Data excerpts
---------------

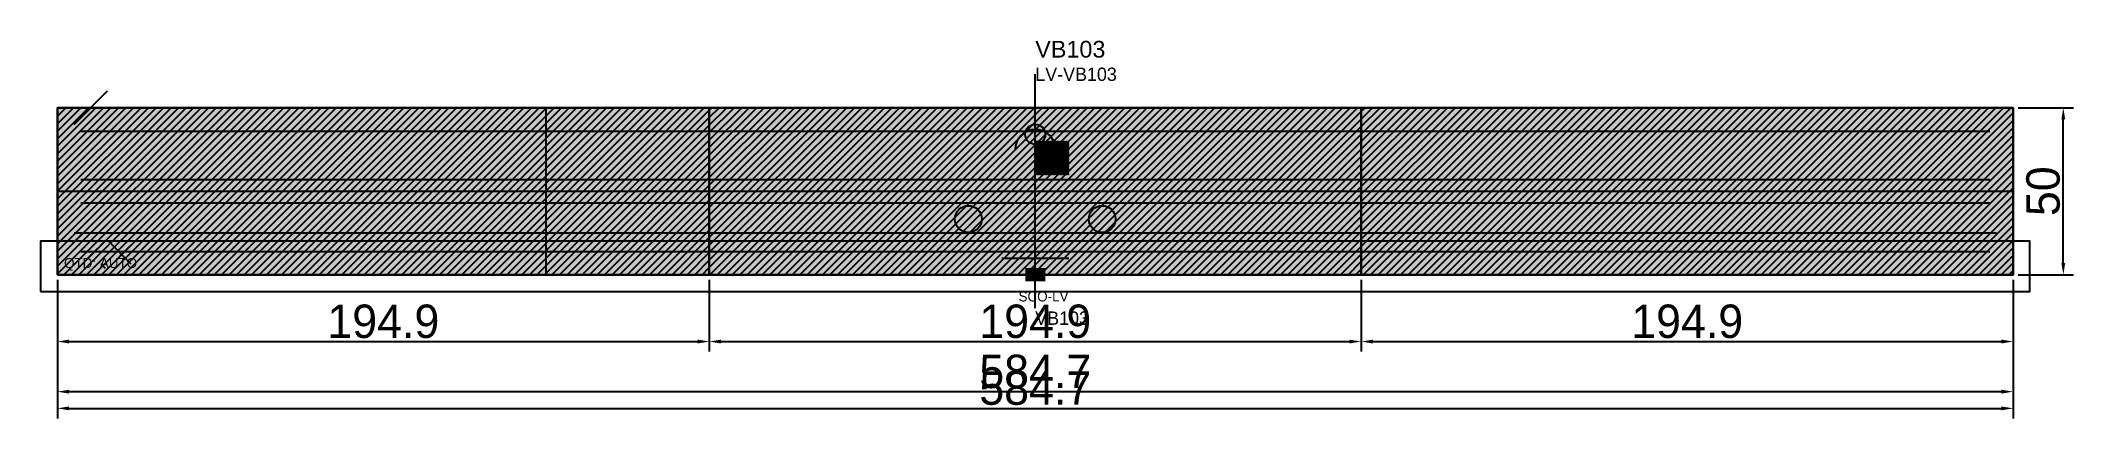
# Model space of a CAD drawing. Header units: metres. Extents: x 12791 to 13398, y 13116 to 13229.
import ezdxf

# ---------------------------------------------------------------- set-up
doc = ezdxf.new("R2010")
doc.units = ezdxf.units.M
for name, color, linetype in [('BARRA DE ANCORAGEM', 251, 'CONTINUOUS'), ('barrote', 251, 'CONTINUOUS'), ('CONCRETO', 251, 'CONTINUOUS'), ('COTA', 241, 'CONTINUOUS'), ('cotas', 241, 'CONTINUOUS'), ('Demarcação 1', 251, 'CONTINUOUS'), ('Demarcação 2', 254, 'CONTINUOUS'), ('Hachura', 251, 'CONTINUOUS'), ('HACHURA MADEIRAS', 1, 'CONTINUOUS'), ('Laje_Perimetro', 7, 'CONTINUOUS'), ('material do compensado', 7, 'CONTINUOUS'), ('NOMENCLATURA', 7, 'CONTINUOUS'), ('Painéis', 200, 'CONTINUOUS'), ('PONTALETE', 7, 'CONTINUOUS'), ('presilha', 1, 'CONTINUOUS'), ('Reaproveitamento', 251, 'CONTINUOUS'), ('SARR_3.5x7', 81, 'CONTINUOUS'), ('SCO-___-LAJ', 2, 'CONTINUOUS'), ('TENSOR', 3, 'CONTINUOUS'), ('texto', 7, 'CONTINUOUS'), ('Texto Qtd Sarr', 242, 'CONTINUOUS')]:
    doc.layers.add(name, color=color, linetype=linetype)
doc.styles.add('STR_STANDARD', font='arial.ttf')
doc.dimstyles.new('EZ DXF', dxfattribs={"dimtxt": 10, "dimasz": 3.5, "dimexe": 3, "dimexo": 1.5, "dimgap": 1, "dimtad": 1, "dimdec": 1, "dimdsep": 46, "dimcen": 2.5, "dimazin": 3, "dimtfac": 1, "dimtmove": 0, "dimatfit": 3})

msp = doc.modelspace()

# ---------------------------------------------------------------- hatches: boundary and pattern name
at = {"layer": 'Hachura'}
h = msp.add_hatch(color=3, dxfattribs=at)
h.dxf.hatch_style = 1
h.paths.add_polyline_path([(12795.5914, 13158.9905), (12990.4914, 13158.9905), (12990.4914, 13208.9905), (12795.5914, 13208.9905)])
h = msp.add_hatch(dxfattribs=at)
h.set_pattern_fill('ANSI31', scale=0.5)
h.paths.add_polyline_path([(12795.5914, 13158.9905), (12990.4914, 13158.9905), (12990.4914, 13208.9905), (12795.5914, 13208.9905)])
h = msp.add_hatch(color=3, dxfattribs=at)
h.dxf.hatch_style = 1
h.paths.add_polyline_path([(12795.5914, 13158.9905), (12990.4914, 13158.9905), (12990.4914, 13208.9905), (12795.5914, 13208.9905)])
h = msp.add_hatch(dxfattribs=at)
h.set_pattern_fill('ANSI31', scale=0.5)
h.paths.add_polyline_path([(12795.5914, 13158.9905), (12990.4914, 13158.9905), (12990.4914, 13208.9905), (12795.5914, 13208.9905)])
h = msp.add_hatch(color=3, dxfattribs=at)
h.dxf.hatch_style = 1
h.paths.add_polyline_path([(12990.4914, 13158.9905), (13185.3914, 13158.9905), (13185.3914, 13208.9905), (12990.4914, 13208.9905)])
h = msp.add_hatch(dxfattribs=at)
h.set_pattern_fill('ANSI31', scale=0.5)
h.paths.add_polyline_path([(12990.4914, 13158.9905), (13185.3914, 13158.9905), (13185.3914, 13208.9905), (12990.4914, 13208.9905)])
h = msp.add_hatch(color=3, dxfattribs=at)
h.dxf.hatch_style = 1
h.paths.add_polyline_path([(12990.4914, 13158.9905), (13185.3914, 13158.9905), (13185.3914, 13208.9905), (12990.4914, 13208.9905)])
h = msp.add_hatch(dxfattribs=at)
h.set_pattern_fill('ANSI31', scale=0.5)
h.paths.add_polyline_path([(12990.4914, 13158.9905), (13185.3914, 13158.9905), (13185.3914, 13208.9905), (12990.4914, 13208.9905)])
h = msp.add_hatch(color=3, dxfattribs=at)
h.dxf.hatch_style = 1
h.paths.add_polyline_path([(13185.3914, 13158.9905), (13380.2914, 13158.9905), (13380.2914, 13208.9905), (13185.3914, 13208.9905)])
h = msp.add_hatch(dxfattribs=at)
h.set_pattern_fill('ANSI31', scale=0.5)
h.paths.add_polyline_path([(13185.3914, 13158.9905), (13380.2914, 13158.9905), (13380.2914, 13208.9905), (13185.3914, 13208.9905)])
h = msp.add_hatch(color=3, dxfattribs=at)
h.dxf.hatch_style = 1
h.paths.add_polyline_path([(13185.3914, 13158.9905), (13380.2914, 13158.9905), (13380.2914, 13208.9905), (13185.3914, 13208.9905)])
h = msp.add_hatch(dxfattribs=at)
h.set_pattern_fill('ANSI31', scale=0.5)
h.paths.add_polyline_path([(13185.3914, 13158.9905), (13380.2914, 13158.9905), (13380.2914, 13208.9905), (13185.3914, 13208.9905)])
at = {"layer": 'HACHURA MADEIRAS'}
h = msp.add_hatch(dxfattribs=at)
h.set_pattern_fill('ANSI31', scale=2)
h.paths.add_polyline_path([(12797.5914, 13160.9905), (12807.5914, 13160.9905), (12807.5914, 13170.9905), (12797.5914, 13170.9905)])
h = msp.add_hatch(dxfattribs=at)
h.set_pattern_fill('ANSI31', scale=2)
h.paths.add_polyline_path([(12797.5914, 13160.9905), (12807.5914, 13160.9905), (12807.5914, 13170.9905), (12797.5914, 13170.9905)])
at = {"layer": 'material do compensado'}
h = msp.add_hatch(dxfattribs=at)
h.set_pattern_fill('ANSI37', scale=2)
h.paths.add_polyline_path([(12808.5914, 13160.9905), (12817.5914, 13160.9905), (12817.5914, 13168.9905), (12808.5914, 13168.9905)])
h = msp.add_hatch(dxfattribs=at)
h.set_pattern_fill('ANSI37', scale=2)
h.paths.add_polyline_path([(12808.5914, 13160.9905), (12817.5914, 13160.9905), (12817.5914, 13168.9905), (12808.5914, 13168.9905)])
at = {"layer": 'Reaproveitamento'}
h = msp.add_hatch(dxfattribs=at)
h.set_pattern_fill('SOLID')
h.paths.add_polyline_path([(13087.9414, 13188.9905), (13097.9414, 13188.9905), (13097.9414, 13198.9905), (13087.9414, 13198.9905)])
h = msp.add_hatch(dxfattribs=at)
h.set_pattern_fill('SOLID')
h.paths.add_polyline_path([(13087.9414, 13188.9905), (13097.9414, 13188.9905), (13097.9414, 13198.9905), (13087.9414, 13198.9905)])

# ---------------------------------------------------------------- linework, layer by layer
at = {"layer": 'BARRA DE ANCORAGEM'}
msp.add_line((12800.5914, 13203.9905), (12810.5914, 13213.9905), dxfattribs=at)
msp.add_line((12800.5914, 13203.9905), (12810.5914, 13213.9905), dxfattribs=at)
at = {"layer": 'barrote'}
msp.add_line((12800.5914, 13171.4905), (13375.2914, 13171.4905), dxfattribs=at)
msp.add_line((12800.5914, 13171.4905), (13375.2914, 13171.4905), dxfattribs=at)
at = {"layer": 'CONCRETO'}
msp.add_solid([(13084.9414, 13160.9905), (13090.9414, 13160.9905), (13084.9414, 13156.9905), (13090.9414, 13156.9905)], dxfattribs=at)
msp.add_solid([(13084.9414, 13160.9905), (13090.9414, 13160.9905), (13084.9414, 13156.9905), (13090.9414, 13156.9905)], dxfattribs=at)
at = {"layer": 'Demarcação 1'}
msp.add_line((12795.5914, 13183.9905), (13380.2914, 13183.9905), dxfattribs=at)
msp.add_line((12795.5914, 13183.9905), (13380.2914, 13183.9905), dxfattribs=at)
at = {"layer": 'Demarcação 2'}
msp.add_line((12941.7664, 13158.9905), (12941.7664, 13208.9905), dxfattribs=at)
msp.add_line((12941.7664, 13158.9905), (12941.7664, 13208.9905), dxfattribs=at)
at = {"layer": 'Laje_Perimetro'}
msp.add_lwpolyline([(12790.5914, 13153.9905), (13385.2914, 13153.9905), (13385.2914, 13168.9905), (12790.5914, 13168.9905)], close=True, dxfattribs=at)
msp.add_lwpolyline([(12790.5914, 13153.9905), (13385.2914, 13153.9905), (13385.2914, 13168.9905), (12790.5914, 13168.9905)], close=True, dxfattribs=at)
at = {"layer": 'Painéis'}
for points in [[(12795.5914, 13158.9905), (12795.5914, 13208.9905)], [(12795.5914, 13158.9905), (12990.4914, 13158.9905), (12990.4914, 13208.9905), (12795.5914, 13208.9905)], [(12795.5914, 13208.9905), (13380.2914, 13208.9905)], [(12795.5914, 13158.9905), (12795.5914, 13208.9905)], [(12795.5914, 13158.9905), (12990.4914, 13158.9905), (12990.4914, 13208.9905), (12795.5914, 13208.9905)], [(12795.5914, 13208.9905), (13380.2914, 13208.9905)], [(12990.4914, 13158.9905), (12990.4914, 13208.9905)], [(12990.4914, 13158.9905), (13185.3914, 13158.9905), (13185.3914, 13208.9905), (12990.4914, 13208.9905)], [(12990.4914, 13158.9905), (12990.4914, 13208.9905)], [(12990.4914, 13158.9905), (13185.3914, 13158.9905), (13185.3914, 13208.9905), (12990.4914, 13208.9905)], [(13185.3914, 13158.9905), (13185.3914, 13208.9905)], [(13185.3914, 13158.9905), (13380.2914, 13158.9905), (13380.2914, 13208.9905), (13185.3914, 13208.9905)], [(13185.3914, 13158.9905), (13185.3914, 13208.9905)], [(13185.3914, 13158.9905), (13380.2914, 13158.9905), (13380.2914, 13208.9905), (13185.3914, 13208.9905)], [(13380.2914, 13158.9905), (13380.2914, 13208.9905)], [(13380.2914, 13158.9905), (13380.2914, 13208.9905)], [(12795.5914, 13158.9905), (13380.2914, 13158.9905)], [(12795.5914, 13158.9905), (13380.2914, 13158.9905)]]:
    msp.add_lwpolyline(points, close=True, dxfattribs=at)
msp.add_arc((13087.9414, 13196.4905), 6, 0, 180, dxfattribs=at)
msp.add_arc((13087.9414, 13196.4905), 6, 0, 180, dxfattribs=at)
at = {"layer": 'PONTALETE'}
msp.add_line((13087.9414, 13148.9905), (13087.9414, 13218.9905), dxfattribs=at)
msp.add_line((13087.9414, 13148.9905), (13087.9414, 13218.9905), dxfattribs=at)
at = {"layer": 'presilha'}
for centre, radius in [((13087.9414, 13200.9905), 3), ((13087.9414, 13200.9905), 3), ((13067.9414, 13175.6572), 4), ((13067.9414, 13175.6572), 4), ((13107.9414, 13175.6572), 4), ((13107.9414, 13175.6572), 4)]:
    msp.add_circle(centre, radius, dxfattribs=at)
at = {"layer": 'SARR_3.5x7'}
for p, q in [((12802.5914, 13201.9905), (12990.4914, 13201.9905)), ((12802.5914, 13201.9905), (12990.4914, 13201.9905)), ((12990.4914, 13201.9905), (13185.3914, 13201.9905)), ((12990.4914, 13201.9905), (13185.3914, 13201.9905)), ((13185.3914, 13201.9905), (13373.2914, 13201.9905)), ((13185.3914, 13201.9905), (13373.2914, 13201.9905)), ((12802.5914, 13187.4905), (12990.4914, 13187.4905)), ((12802.5914, 13187.4905), (12990.4914, 13187.4905)), ((12990.4914, 13187.4905), (13185.3914, 13187.4905)), ((12990.4914, 13187.4905), (13185.3914, 13187.4905)), ((13185.3914, 13187.4905), (13373.2914, 13187.4905)), ((13185.3914, 13187.4905), (13373.2914, 13187.4905)), ((12802.5914, 13180.4905), (12990.4914, 13180.4905)), ((12802.5914, 13180.4905), (12990.4914, 13180.4905)), ((12990.4914, 13180.4905), (13185.3914, 13180.4905)), ((12990.4914, 13180.4905), (13185.3914, 13180.4905)), ((13185.3914, 13180.4905), (13373.2914, 13180.4905)), ((13185.3914, 13180.4905), (13373.2914, 13180.4905)), ((12802.5914, 13165.9905), (12990.4914, 13165.9905)), ((12802.5914, 13165.9905), (12990.4914, 13165.9905)), ((12990.4914, 13165.9905), (13185.3914, 13165.9905)), ((12990.4914, 13165.9905), (13185.3914, 13165.9905)), ((13185.3914, 13165.9905), (13373.2914, 13165.9905)), ((13185.3914, 13165.9905), (13373.2914, 13165.9905))]:
    msp.add_line(p, q, dxfattribs=at)
at = {"layer": 'TENSOR'}
msp.add_line((13077.9414, 13163.9905), (13097.9414, 13163.9905), dxfattribs=at)
msp.add_line((13077.9414, 13163.9905), (13097.9414, 13163.9905), dxfattribs=at)

# ---------------------------------------------------------------- texts
at = {"layer": 'NOMENCLATURA', "style": 'STR_STANDARD'}
msp.add_text('VB103', height=5, dxfattribs=at).set_placement((13087.9414, 13223.9905))
msp.add_text('VB103', height=5, dxfattribs=at).set_placement((13087.9414, 13223.9905))
at = {"layer": 'NOMENCLATURA', "insert": (13087.9414, 13220.9905), "char_height": 4, "attachment_point": 1}
msp.add_mtext('LV-VB103', dxfattribs=at)
msp.add_mtext('LV-VB103', dxfattribs=at)
at = {"layer": 'SCO-___-LAJ'}
msp.add_text('SCO-LV', height=3, dxfattribs=at).set_placement((13082.9414, 13150.9905))
msp.add_text('SCO-LV', height=3, dxfattribs=at).set_placement((13082.9414, 13150.9905))
at = {"layer": 'texto'}
msp.add_text('VB103', height=4, dxfattribs=at).set_placement((13087.9414, 13143.9905))
msp.add_text('VB103', height=4, dxfattribs=at).set_placement((13087.9414, 13143.9905))
at = {"layer": 'Texto Qtd Sarr'}
msp.add_text('QTD: AUTO', height=3, dxfattribs=at).set_placement((12797.5914, 13160.9905))
msp.add_text('QTD: AUTO', height=3, dxfattribs=at).set_placement((12797.5914, 13160.9905))

# ---------------------------------------------------------------- dimensions: what is measured, and where the dimension line sits
at = {"layer": 'COTA', "color": 1}
msp.add_linear_dim(base=(13395.2914, 13158.9905), p1=(13380.2914, 13158.9905), p2=(13380.2914, 13208.9905), angle=90, dimstyle='EZ DXF', dxfattribs=at).render()
msp.add_linear_dim(base=(13395.2914, 13158.9905), p1=(13380.2914, 13158.9905), p2=(13380.2914, 13208.9905), angle=90, dimstyle='EZ DXF', dxfattribs=at).render()
for base, p1, p2 in [((12795.5914, 13138.9905), (12795.5914, 13158.9905), (12990.4914, 13158.9905)), ((12795.5914, 13118.9905), (12795.5914, 13158.9905), (13380.2914, 13158.9905)), ((12795.5914, 13138.9905), (12795.5914, 13158.9905), (12990.4914, 13158.9905)), ((12795.5914, 13118.9905), (12795.5914, 13158.9905), (13380.2914, 13158.9905)), ((12990.4914, 13138.9905), (12990.4914, 13158.9905), (13185.3914, 13158.9905)), ((12990.4914, 13138.9905), (12990.4914, 13158.9905), (13185.3914, 13158.9905)), ((13185.3914, 13138.9905), (13185.3914, 13158.9905), (13380.2914, 13158.9905)), ((13185.3914, 13138.9905), (13185.3914, 13158.9905), (13380.2914, 13158.9905))]:
    msp.add_linear_dim(base=base, p1=p1, p2=p2, dimstyle='EZ DXF', dxfattribs=at).render()
at = {"layer": 'cotas'}
msp.add_linear_dim(base=(12795.5914, 13123.9905), p1=(12795.5914, 13138.9905), p2=(13380.2914, 13138.9905), dimstyle='EZ DXF', dxfattribs=at).render()
msp.add_linear_dim(base=(12795.5914, 13123.9905), p1=(12795.5914, 13138.9905), p2=(13380.2914, 13138.9905), dimstyle='EZ DXF', dxfattribs=at).render()

doc.saveas('drawing.dxf')

---------------

• Work instruction: Quote, exactly and only, the lines from the first line of the data above through the line containing "doc.styles.add('STR_STANDARD', font='arial.ttf')". The pictures do not belong in it.

• Response to this exercise:
# Model space of a CAD drawing. Header units: metres. Extents: x 12791 to 13398, y 13116 to 13229.
import ezdxf

# ---------------------------------------------------------------- set-up
doc = ezdxf.new("R2010")
doc.units = ezdxf.units.M
for name, color, linetype in [('BARRA DE ANCORAGEM', 251, 'CONTINUOUS'), ('barrote', 251, 'CONTINUOUS'), ('CONCRETO', 251, 'CONTINUOUS'), ('COTA', 241, 'CONTINUOUS'), ('cotas', 241, 'CONTINUOUS'), ('Demarcação 1', 251, 'CONTINUOUS'), ('Demarcação 2', 254, 'CONTINUOUS'), ('Hachura', 251, 'CONTINUOUS'), ('HACHURA MADEIRAS', 1, 'CONTINUOUS'), ('Laje_Perimetro', 7, 'CONTINUOUS'), ('material do compensado', 7, 'CONTINUOUS'), ('NOMENCLATURA', 7, 'CONTINUOUS'), ('Painéis', 200, 'CONTINUOUS'), ('PONTALETE', 7, 'CONTINUOUS'), ('presilha', 1, 'CONTINUOUS'), ('Reaproveitamento', 251, 'CONTINUOUS'), ('SARR_3.5x7', 81, 'CONTINUOUS'), ('SCO-___-LAJ', 2, 'CONTINUOUS'), ('TENSOR', 3, 'CONTINUOUS'), ('texto', 7, 'CONTINUOUS'), ('Texto Qtd Sarr', 242, 'CONTINUOUS')]:
    doc.layers.add(name, color=color, linetype=linetype)
doc.styles.add('STR_STANDARD', font='arial.ttf')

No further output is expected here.